21.         Un éventuel recours déposé contre le présent jugement n'aura pas d'effet suspensif (art. 10 al. 1 LaLEtr).


PAR CES MOTIFS

LE TRIBUNAL ADMINISTRATIF

DE PREMIÈRE INSTANCE

1.             déclare recevable l'opposition formée le 16 avril 2024 par Monsieur A______ contre la décision d’interdiction de pénétrer dans une région déterminée prise par le commissaire de police le 6 avril 2024 pour une durée de 24 mois ;

2.             l’admet partiellement ;

3.             confirme la décision d’interdiction de pénétrer dans une région déterminée, soit l’ensemble du canton de Genève, prise par le commissaire de police le 6 avril 2024 à l'encontre de Monsieur A______ mais réduit sa durée à six mois ;

4.             dit que, conformément aux art. 132 LOJ, 10 al. 1 LaLEtr et 65 LPA, le présent jugement est susceptible de faire l'objet d'un recours auprès de la chambre administrative de la Cour de justice (10 rue de Saint-Léger, case postale 1956, 1211 Genève 1) dans les dix jours à compter de sa notification. L'acte de recours doit être dûment motivé et contenir, sous peine d'irrecevabilité, la désignation du jugement attaqué et les conclusions du recourant.

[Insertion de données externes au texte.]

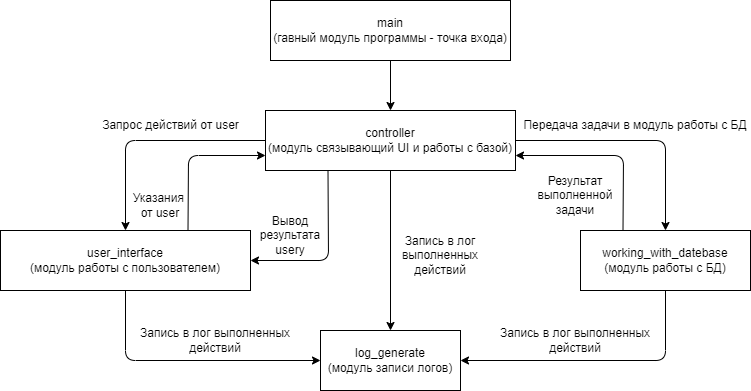

The diagram above was exported from draw.io. Its source (the exported page's mxGraphModel, read from the mxfile embedded in the PNG):
<mxGraphModel dx="957" dy="792" grid="1" gridSize="10" guides="1" tooltips="1" connect="1" arrows="1" fold="1" page="1" pageScale="1" pageWidth="827" pageHeight="1169" math="0" shadow="0">
  <root>
    <mxCell id="0" />
    <mxCell id="1" parent="0" />
    <mxCell id="4" style="edgeStyle=none;html=1;entryX=0.5;entryY=0;entryDx=0;entryDy=0;" parent="1" source="2" target="3" edge="1">
      <mxGeometry relative="1" as="geometry" />
    </mxCell>
    <mxCell id="2" value="main&lt;br&gt;(гавный модуль программы - точка входа)" style="rounded=0;whiteSpace=wrap;html=1;" parent="1" vertex="1">
      <mxGeometry x="300" y="10" width="240" height="60" as="geometry" />
    </mxCell>
    <mxCell id="8" style="edgeStyle=none;html=1;entryX=0.5;entryY=0;entryDx=0;entryDy=0;" parent="1" source="3" target="5" edge="1">
      <mxGeometry relative="1" as="geometry" />
    </mxCell>
    <mxCell id="9" style="edgeStyle=none;html=1;entryX=0.5;entryY=0;entryDx=0;entryDy=0;" parent="1" source="3" target="6" edge="1">
      <mxGeometry relative="1" as="geometry">
        <Array as="points">
          <mxPoint x="155" y="150" />
        </Array>
      </mxGeometry>
    </mxCell>
    <mxCell id="10" style="edgeStyle=none;html=1;entryX=0.5;entryY=0;entryDx=0;entryDy=0;" parent="1" source="3" target="7" edge="1">
      <mxGeometry relative="1" as="geometry">
        <Array as="points">
          <mxPoint x="695" y="150" />
        </Array>
      </mxGeometry>
    </mxCell>
    <mxCell id="19" style="edgeStyle=none;html=1;entryX=1;entryY=0.5;entryDx=0;entryDy=0;exitX=0.25;exitY=1;exitDx=0;exitDy=0;" parent="1" source="3" target="6" edge="1">
      <mxGeometry relative="1" as="geometry">
        <Array as="points">
          <mxPoint x="358" y="270" />
        </Array>
      </mxGeometry>
    </mxCell>
    <mxCell id="3" value="controller&lt;br&gt;(модуль связывающий UI и работы с базой)" style="rounded=0;whiteSpace=wrap;html=1;" parent="1" vertex="1">
      <mxGeometry x="295" y="120" width="250" height="60" as="geometry" />
    </mxCell>
    <mxCell id="5" value="log_generate&lt;br&gt;(модуль записи логов)" style="rounded=0;whiteSpace=wrap;html=1;" parent="1" vertex="1">
      <mxGeometry x="350" y="340" width="140" height="60" as="geometry" />
    </mxCell>
    <mxCell id="12" style="edgeStyle=none;html=1;entryX=0;entryY=0.5;entryDx=0;entryDy=0;" parent="1" source="6" target="5" edge="1">
      <mxGeometry relative="1" as="geometry">
        <Array as="points">
          <mxPoint x="155" y="370" />
        </Array>
      </mxGeometry>
    </mxCell>
    <mxCell id="13" style="edgeStyle=none;html=1;entryX=0;entryY=0.75;entryDx=0;entryDy=0;exitX=0.75;exitY=0;exitDx=0;exitDy=0;" parent="1" source="6" target="3" edge="1">
      <mxGeometry relative="1" as="geometry">
        <Array as="points">
          <mxPoint x="218" y="165" />
        </Array>
      </mxGeometry>
    </mxCell>
    <mxCell id="6" value="user_interface&lt;br&gt;(модуль работы с пользователем)" style="rounded=0;whiteSpace=wrap;html=1;" parent="1" vertex="1">
      <mxGeometry x="30" y="240" width="250" height="60" as="geometry" />
    </mxCell>
    <mxCell id="11" style="edgeStyle=none;html=1;entryX=1;entryY=0.5;entryDx=0;entryDy=0;" parent="1" source="7" target="5" edge="1">
      <mxGeometry relative="1" as="geometry">
        <Array as="points">
          <mxPoint x="695" y="370" />
        </Array>
      </mxGeometry>
    </mxCell>
    <mxCell id="14" style="edgeStyle=none;html=1;entryX=1;entryY=0.75;entryDx=0;entryDy=0;exitX=0.25;exitY=0;exitDx=0;exitDy=0;" parent="1" source="7" target="3" edge="1">
      <mxGeometry relative="1" as="geometry">
        <Array as="points">
          <mxPoint x="653" y="165" />
        </Array>
      </mxGeometry>
    </mxCell>
    <mxCell id="7" value="working_with_datebase&lt;br&gt;(модуль работы с БД)" style="rounded=0;whiteSpace=wrap;html=1;" parent="1" vertex="1">
      <mxGeometry x="610" y="240" width="170" height="60" as="geometry" />
    </mxCell>
    <mxCell id="15" value="Запрос действий от user" style="text;html=1;align=center;verticalAlign=middle;resizable=0;points=[];autosize=1;strokeColor=none;fillColor=none;" parent="1" vertex="1">
      <mxGeometry x="120" y="120" width="160" height="30" as="geometry" />
    </mxCell>
    <mxCell id="16" value="Указания &lt;br&gt;от user" style="text;html=1;strokeColor=none;fillColor=none;align=center;verticalAlign=middle;whiteSpace=wrap;rounded=0;" parent="1" vertex="1">
      <mxGeometry x="150" y="190" width="80" height="50" as="geometry" />
    </mxCell>
    <mxCell id="17" value="Передача задачи в модуль работы с БД" style="text;html=1;strokeColor=none;fillColor=none;align=center;verticalAlign=middle;whiteSpace=wrap;rounded=0;" parent="1" vertex="1">
      <mxGeometry x="550" y="120" width="230" height="30" as="geometry" />
    </mxCell>
    <mxCell id="18" value="Результат выполненной задачи" style="text;html=1;strokeColor=none;fillColor=none;align=center;verticalAlign=middle;whiteSpace=wrap;rounded=0;" parent="1" vertex="1">
      <mxGeometry x="560" y="170" width="90" height="70" as="geometry" />
    </mxCell>
    <mxCell id="20" value="Вывод результата userу" style="text;html=1;strokeColor=none;fillColor=none;align=center;verticalAlign=middle;whiteSpace=wrap;rounded=0;" parent="1" vertex="1">
      <mxGeometry x="280" y="220" width="80" height="50" as="geometry" />
    </mxCell>
    <mxCell id="21" value="Запись в лог выполненных действий" style="text;html=1;strokeColor=none;fillColor=none;align=center;verticalAlign=middle;whiteSpace=wrap;rounded=0;" parent="1" vertex="1">
      <mxGeometry x="420" y="210" width="100" height="110" as="geometry" />
    </mxCell>
    <mxCell id="23" value="Запись в лог выполненных действий" style="text;html=1;strokeColor=none;fillColor=none;align=center;verticalAlign=middle;whiteSpace=wrap;rounded=0;" parent="1" vertex="1">
      <mxGeometry x="160" y="330" width="170" height="40" as="geometry" />
    </mxCell>
    <mxCell id="24" value="Запись в лог выполненных действий" style="text;html=1;strokeColor=none;fillColor=none;align=center;verticalAlign=middle;whiteSpace=wrap;rounded=0;" parent="1" vertex="1">
      <mxGeometry x="520" y="330" width="170" height="40" as="geometry" />
    </mxCell>
  </root>
</mxGraphModel>

Il doit être accompagné du présent jugement et des autres pièces dont dispose le recourant ;

5.             dit qu’un éventuel recours contre le présent jugement n'aura pas d'effet suspensif.

 

Au nom du Tribunal :

La présidente

Sophie CORNIOLEY BERGER

 

Copie conforme de ce jugement est communiquée à Monsieur A______, à son avocat, au commissaire de police et au secrétariat d'État aux migrations.